Abstract

Korea Acute Myocardial Infarction Registry (KAMIR) is the first nationwide registry and reflects the current therapeutic approaches and management for acute myocardial infarction (AMI) in Korea. The results of KAMIR demonstrated different risk factors and different responses to medical and interventional therapies. The prevalence of hypertension, diabetes mellitus and dyslipidemia has increased, but smoking has decreased remarkably. Different pattern of dyslipidemia was demonstrated. The KAMIR score was better than TIMI and GRACE scores in the prediction of long-term mortality in AMI patients.
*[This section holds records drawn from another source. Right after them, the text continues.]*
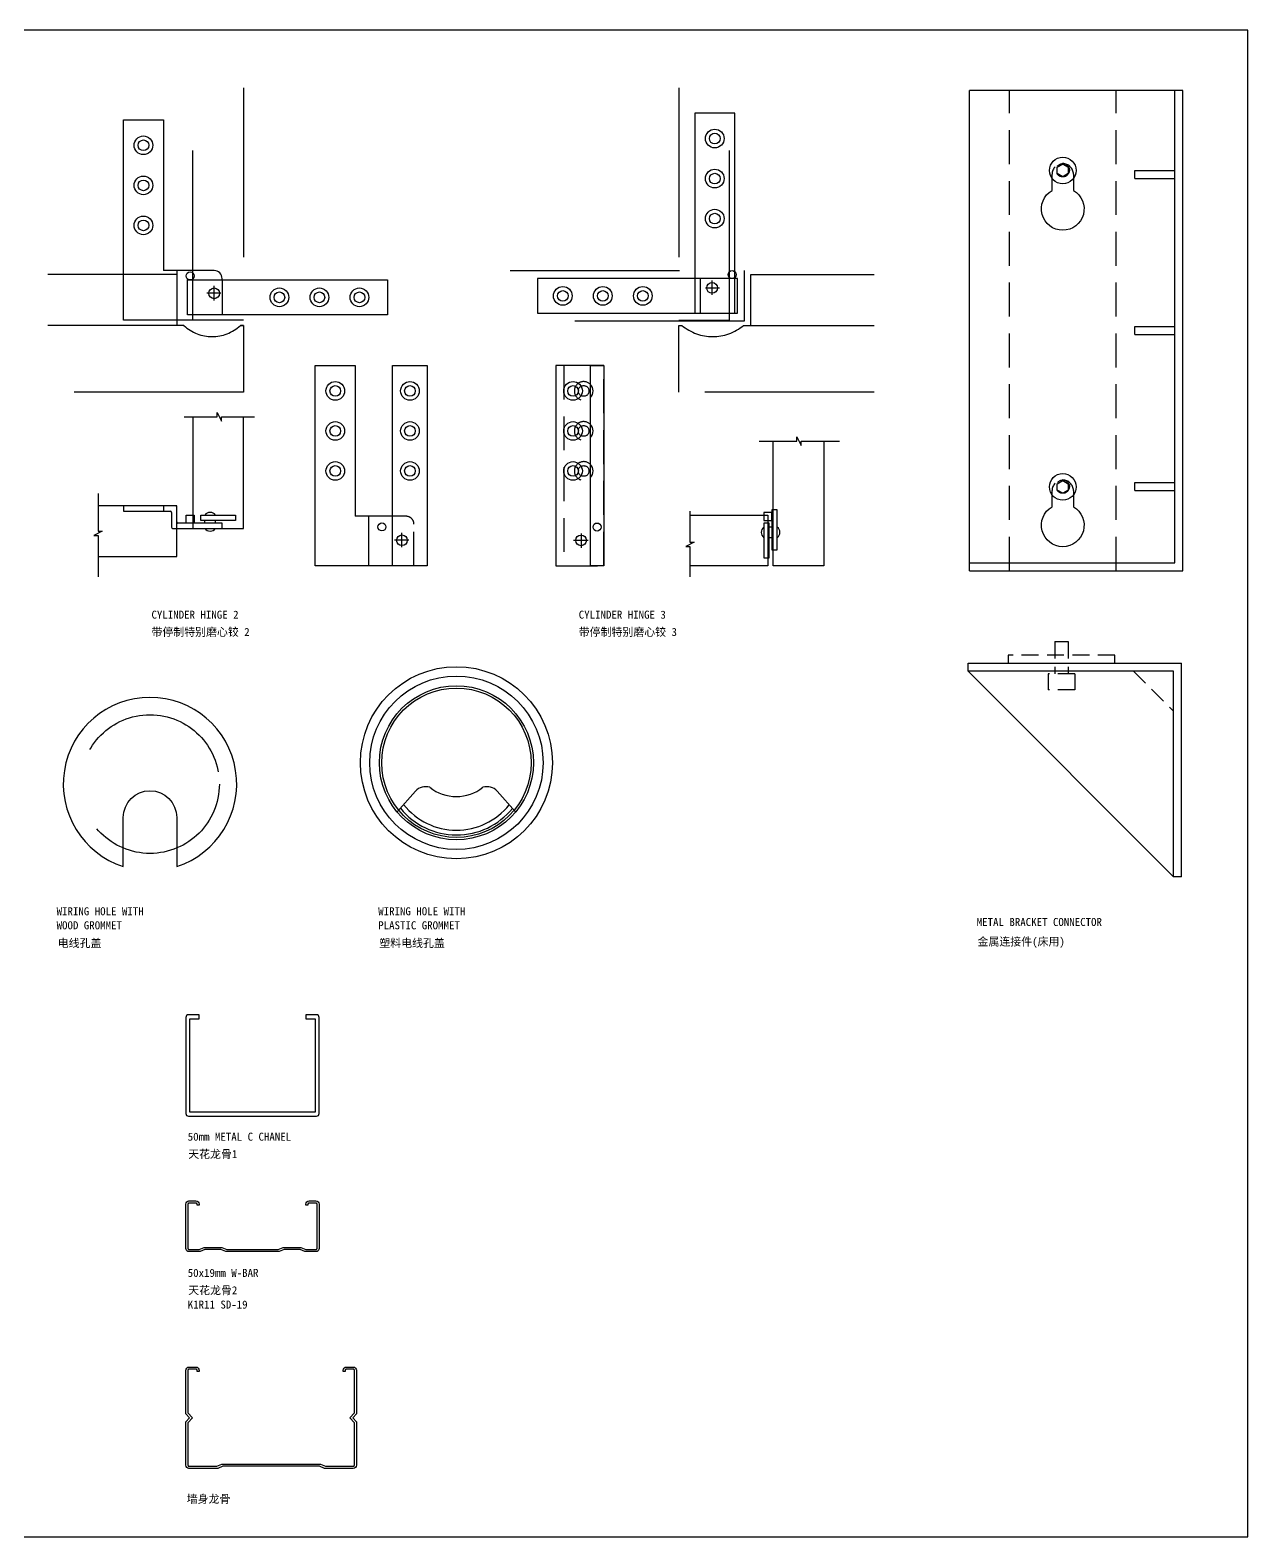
# Model space of a CAD drawing. Header units: millimetres. Extents: x -159360 to -156109, y -82746 to -81402.
# Drawn here: x -157379 to -156923, y -81967 to -81402 of the extents above; entities that cross this region are included whole.
import ezdxf
from ezdxf.enums import TextEntityAlignment as Align

# ---------------------------------------------------------------- set-up
doc = ezdxf.new("R2010")
doc.units = ezdxf.units.MM
doc.header["$LTSCALE"] = 2
doc.header["$MEASUREMENT"] = 0
doc.linetypes.add('HIDDEN', pattern=[9.525, 6.35, -3.175])
doc.linetypes.add('HIDDEN2', pattern=[4.7625, 3.175, -1.5875])
doc.layers.get('0').update_dxf_attribs({"linetype": 'CONTINUOUS'})
doc.layers.get('Defpoints').update_dxf_attribs({"linetype": 'CONTINUOUS'})
doc.layers.add('LINE1', color=41, linetype='CONTINUOUS')
doc.layers.add('LINE2', color=142, linetype='CONTINUOUS')
doc.layers.add('标注', color=7, linetype='CONTINUOUS', lineweight=25)
doc.styles.add('HZ', font='simfang.ttf')

# ---------------------------------------------------------------- blocks, each defined once
blk = doc.blocks.new('METAL BRACKET CONECTOR 金属连接件(床用)')
at = {"layer": 'LINE1', "linetype": 'HIDDEN'}
for p, q in [((-64.51, 114.71), (-64.51, 294.71)), ((-24.51, 114.71), (-24.51, 294.71))]:
    blk.add_line(p, q, dxfattribs=at)
at = {"layer": 'LINE1'}
for p, q in [((-2.51, 117.71), (-2.51, 294.71)), ((-17.51, 264.71), (-2.51, 264.71)), ((-17.51, 261.71), (-17.51, 264.71)), ((-17.51, 261.71), (-2.51, 261.71)), ((-17.51, 206.21), (-2.51, 206.21)), ((-17.51, 203.21), (-17.51, 206.21)), ((-17.51, 203.21), (-2.51, 203.21)), ((-17.51, 147.71), (-2.51, 147.71)), ((-17.51, 144.71), (-17.51, 147.71)), ((-17.51, 144.71), (-2.51, 144.71)), ((-79.51, 117.71), (-2.51, 117.71)), ((-3, 0), (-80, 77))]:
    blk.add_line(p, q, dxfattribs=at)
at = {"layer": 'LINE1', "linetype": 'HIDDEN2'}
for p, q in [((-47.5, 88.18), (-47.5, 76)), ((-47.5, 88.18), (-42.5, 88.18)), ((-42.5, 88.18), (-42.5, 76)), ((-50, 76), (-50, 70)), ((-40, 76), (-50, 76)), ((-40, 76), (-40, 70)), ((-18, 77), (-3, 62)), ((-40, 70), (-50, 70))]:
    blk.add_line(p, q, dxfattribs=at)
for points in [[(-48.51, 261.71), (-48.51, 263.3, -1), (-40.51, 263.3), (-40.51, 261.71)], [(-48.51, 143.11), (-48.51, 144.71, -1), (-40.51, 144.71), (-40.51, 143.11)]]:
    blk.add_lwpolyline(points, format="xyb", dxfattribs=at)
at = {"layer": 'LINE1'}
for points in [[(-44.51, 262.3), (-46.59, 263.51), (-46.59, 265.91), (-44.51, 267.11), (-42.43, 265.91), (-42.43, 263.51)], [(-44.51, 143.71), (-46.59, 144.91), (-46.59, 147.31), (-44.51, 148.51), (-42.43, 147.31), (-42.43, 144.91)]]:
    blk.add_lwpolyline(points, close=True, dxfattribs=at)
for points in [[(-40.51, 261.71), (-40.51, 257.23, -3.732051), (-48.51, 257.23), (-48.51, 261.71)], [(-40.51, 143.11), (-40.51, 138.64, -3.732051), (-48.51, 138.64), (-48.51, 143.11)]]:
    blk.add_lwpolyline(points, format="xyb", dxfattribs=at)
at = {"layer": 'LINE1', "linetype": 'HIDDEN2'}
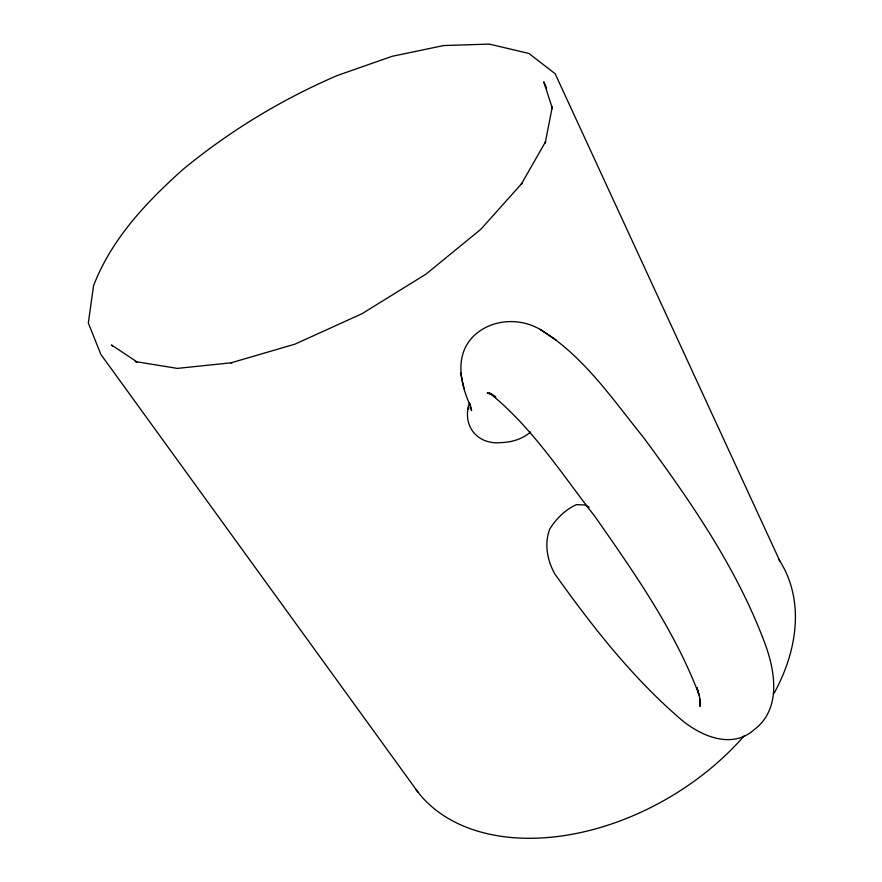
<?xml version="1.0" encoding="UTF-8"?>
<svg xmlns="http://www.w3.org/2000/svg" width="882" height="882" viewBox="0 0 882 882"><rect width="100%" height="100%" fill="white"/><g stroke="black" fill="none" stroke-linecap="round" stroke-linejoin="round"><path stroke-width="1.32" d="M469.974 404.838C460.018 383.152 454.638 355.005 473.402 336.307C490.932 319.075 519.311 317.233 540.159 329.427C583.498 355.689 612.328 399.017 643.617 437.604C690.11 500.711 735.5 566.255 763.591 639.924C774.804 668.413 782.566 708.444 754.077 729.745C731.354 750.163 699.051 735.334 679.438 718.091C631.181 676.296 591.635 625.547 554.701 573.774C547.259 560.235 544.051 543.698 549.795 528.957C556.167 518.792 565.439 509.531 576.442 504.636L584.579 504.945L589.253 507.172M470.282 408.454L470.349 406.767M530.611 431.937C522.563 439.115 511.516 442.378 500.899 442.599A38.29 31.862 -38.8 0 1 467.504 412.192L468.474 405.676M468.077 409.38L469.257 402.931M779.909 561.139L555.153 73.746L528.924 53.46L489.301 44.1L443.69 45.544L392.203 56.294L337.343 75.499C281.788 99.412 229.772 130.878 183.081 169.355C146.357 202.143 111.518 238.978 93.58 285.658L88.321 323.021L100.835 354.366L418.145 792.367M136.864 361.929L135.222 361.554L177.337 368.4L232.175 362.7L231.029 362.833L294.908 344.167L361.94 313.749L425.874 274.225L480.767 229.342L521.935 183.357L521.163 184.404L545.649 141.583L545.186 143.093L552.364 106.568L552.375 108.266M492.057 394.353L487.184 392.964L491.406 394.342M492.509 394.982L495.783 396.922M494.703 396.216L489.256 392.821C531.857 426.899 561.702 473.855 594.92 516.466C634.246 572.848 674.62 630.046 699.04 694.796L696.945 687.53M556.266 340.121L540.159 329.427M137.195 362.017L111.441 344.95L112.62 346.185M546.631 88.024L543.709 81.783L552.452 108.607M696.956 687.629L699.823 698.202L700.187 706.515L700.154 699.217M470.9 407.903L471.572 410.659L470.04 403.647M460.58 372.755L462.355 380.671M462.466 381.388L464.108 388.708M778.453 558.89A214.976 144.637 -30.5 0 1 774.065 693.351M744.176 735.864A214.976 144.637 -30.5 0 1 415.687 789.092"/></g></svg>
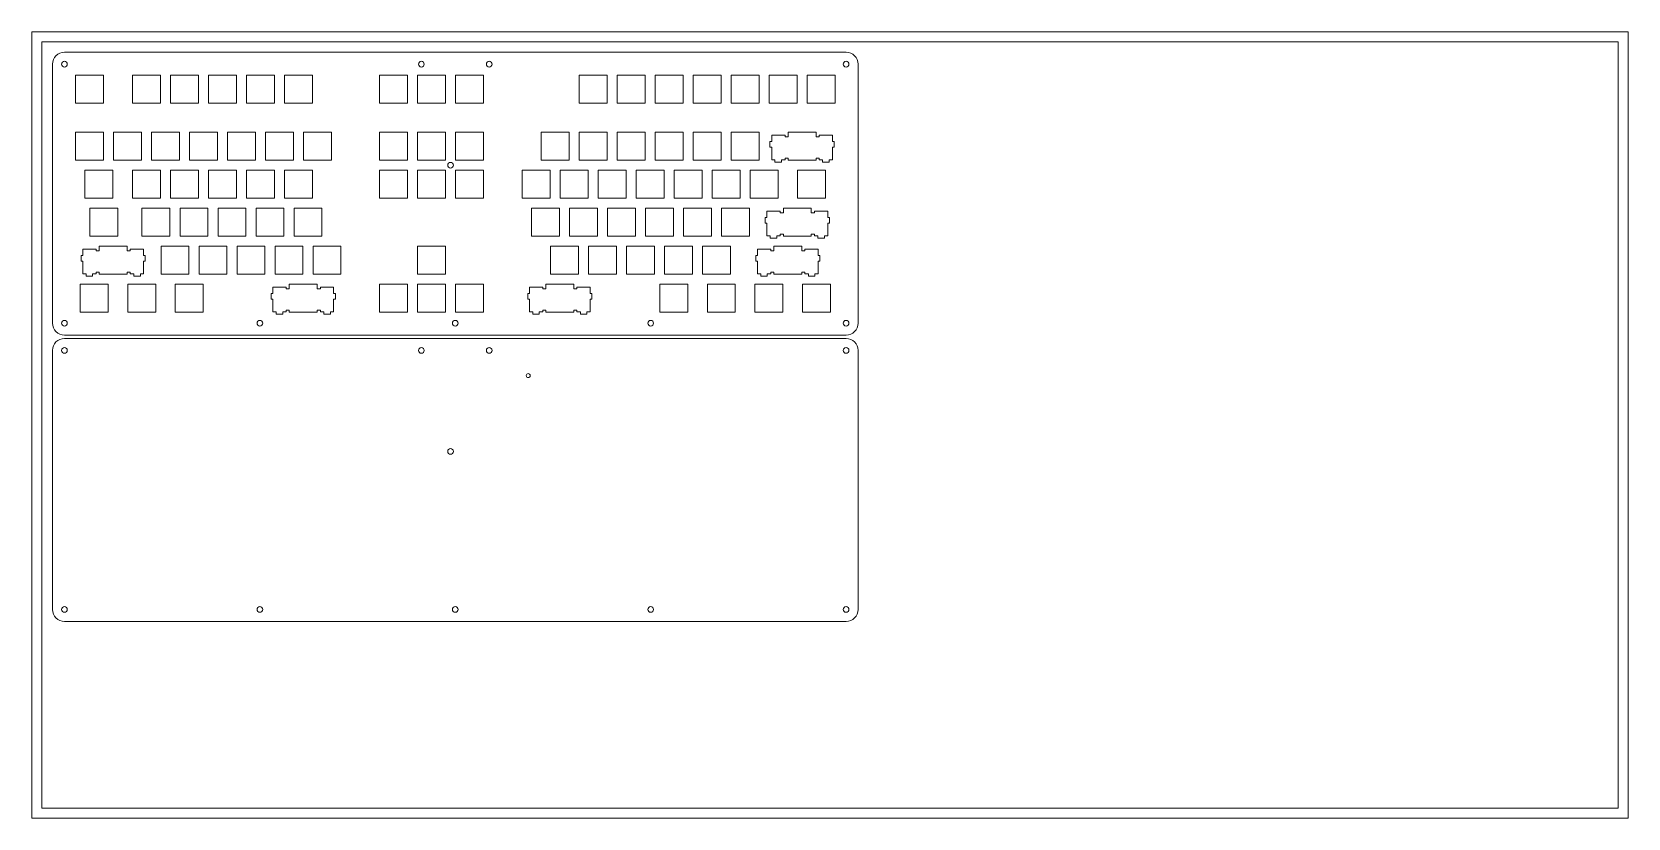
# Model space of a CAD drawing. Header units: millimetres. Extents: x -5 to 795, y -5 to 389.
import ezdxf

# ---------------------------------------------------------------- set-up
doc = ezdxf.new("R2010")
doc.units = ezdxf.units.MM
doc.header["$MEASUREMENT"] = 0
doc.layers.get('0').update_dxf_attribs({"lineweight": 0, "true_color": 0xf6921e})
doc.layers.add('Cutting lines', color=5, linetype='Continuous', lineweight=0)

msp = doc.modelspace()

# ---------------------------------------------------------------- linework, layer by layer
at = {"lineweight": 0}
for points in [[(-5, -5), (795, -5), (795, 389), (-5, 389)], [(0, 0), (790, 0), (790, 384), (0, 384)]]:
    msp.add_lwpolyline(points, close=True, dxfattribs=at)
at = {"layer": 'Cutting lines', "linetype": 'Continuous'}
for p, q in [((11.31, 378.84), (403.07, 378.84)), ((11.31, 235.39), (403.07, 235.39))]:
    msp.add_line(p, q, dxfattribs=at)
at = {"layer": 'Cutting lines'}
for p, q in [((5.31, 372.84), (5.31, 243.02)), ((409.07, 372.84), (409.07, 243.02)), ((16.83, 367.32), (30.83, 367.32)), ((16.83, 353.32), (16.83, 367.32)), ((30.83, 367.32), (30.83, 353.32)), ((45.41, 367.32), (59.41, 367.32)), ((45.41, 353.32), (45.41, 367.32)), ((59.41, 367.32), (59.41, 353.32)), ((64.46, 367.32), (78.46, 367.32)), ((64.46, 353.32), (64.46, 367.32)), ((78.46, 367.32), (78.46, 353.32)), ((83.51, 367.32), (97.51, 367.32)), ((83.51, 353.32), (83.51, 367.32)), ((97.51, 367.32), (97.51, 353.32)), ((102.56, 367.32), (116.56, 367.32)), ((102.56, 353.32), (102.56, 367.32)), ((116.56, 367.32), (116.56, 353.32)), ((121.61, 367.32), (135.61, 367.32)), ((121.61, 353.32), (121.61, 367.32)), ((135.61, 367.32), (135.61, 353.32)), ((169.23, 367.32), (183.23, 367.32)), ((169.23, 353.32), (169.23, 367.32)), ((183.23, 367.32), (183.23, 353.32)), ((188.28, 367.32), (202.28, 367.32)), ((188.28, 353.32), (188.28, 367.32)), ((202.28, 367.32), (202.28, 353.32)), ((207.33, 367.32), (221.33, 367.32)), ((207.33, 353.32), (207.33, 367.32)), ((221.33, 367.32), (221.33, 353.32)), ((269.25, 367.32), (283.25, 367.32)), ((269.25, 353.32), (269.25, 367.32)), ((283.25, 367.32), (283.25, 353.32)), ((288.3, 367.32), (302.3, 367.32)), ((288.3, 353.32), (288.3, 367.32)), ((302.3, 367.32), (302.3, 353.32)), ((307.35, 367.32), (321.35, 367.32)), ((307.35, 353.32), (307.35, 367.32)), ((321.35, 367.32), (321.35, 353.32)), ((326.4, 367.32), (340.4, 367.32)), ((326.4, 353.32), (326.4, 367.32)), ((340.4, 367.32), (340.4, 353.32)), ((345.45, 367.32), (359.45, 367.32)), ((345.45, 353.32), (345.45, 367.32)), ((359.45, 367.32), (359.45, 353.32)), ((364.5, 367.32), (378.5, 367.32)), ((364.5, 353.32), (364.5, 367.32)), ((378.5, 367.32), (378.5, 353.32)), ((383.55, 367.32), (397.55, 367.32)), ((383.55, 353.32), (383.55, 367.32)), ((397.55, 367.32), (397.55, 353.32)), ((30.83, 353.32), (16.83, 353.32)), ((59.41, 353.32), (45.41, 353.32)), ((78.46, 353.32), (64.46, 353.32)), ((97.51, 353.32), (83.51, 353.32)), ((116.56, 353.32), (102.56, 353.32)), ((135.61, 353.32), (121.61, 353.32)), ((183.23, 353.32), (169.23, 353.32)), ((202.28, 353.32), (188.28, 353.32)), ((221.33, 353.32), (207.33, 353.32)), ((283.25, 353.32), (269.25, 353.32)), ((302.3, 353.32), (288.3, 353.32)), ((321.35, 353.32), (307.35, 353.32)), ((340.4, 353.32), (326.4, 353.32)), ((359.45, 353.32), (345.45, 353.32)), ((378.5, 353.32), (364.5, 353.32)), ((397.55, 353.32), (383.55, 353.32)), ((16.83, 338.74), (30.83, 338.74)), ((16.83, 324.74), (16.83, 338.74)), ((30.83, 338.74), (30.83, 324.74)), ((35.88, 338.74), (49.88, 338.74)), ((35.88, 324.74), (35.88, 338.74)), ((49.88, 338.74), (49.88, 324.74)), ((54.93, 338.74), (68.93, 338.74)), ((54.93, 324.74), (54.93, 338.74)), ((68.93, 338.74), (68.93, 324.74)), ((73.98, 338.74), (87.98, 338.74)), ((73.98, 324.74), (73.98, 338.74)), ((87.98, 338.74), (87.98, 324.74)), ((93.03, 338.74), (107.03, 338.74)), ((93.03, 324.74), (93.03, 338.74)), ((107.03, 338.74), (107.03, 324.74)), ((112.08, 338.74), (126.08, 338.74)), ((112.08, 324.74), (112.08, 338.74)), ((126.08, 338.74), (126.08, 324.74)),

Triple antiplatelet therapy, consisting of aspirin, clopidogrel and cilostazol, was effective in preventing adverse clinical outcomes after percutaneous coronary intervention (PCI). Prasugrel and ticagrelor could not reduce ischemic events, but increased bleeding risk in Korean patients. Therefore, we may recommend low dose prasugrel and ticagrelor compared with Western patients. Statin therapy was effective in Korean AMI patients, including those with very low levels of low density cholesterol and spasm-induced AMI. Statin and ezetimibe was effective in high-risk AMI patients, such as diabetes, old age and systolic heart failure. PCI and its success rates of ST-elevation myocardial infarction (STEMI) are 96.7% and 99.4%, and those of non-ST-elevation myocardial infarction (NSTEMI) 82.7% and 99.5%, respectively. Drug-eluting stents were effective and safe in AMI patients with no increased risk of stent thrombosis in Korean patients. KAMIR will provide new therapeutic strategies and effective methods for secondary prevention of AMI and new guidelines for Asian patients.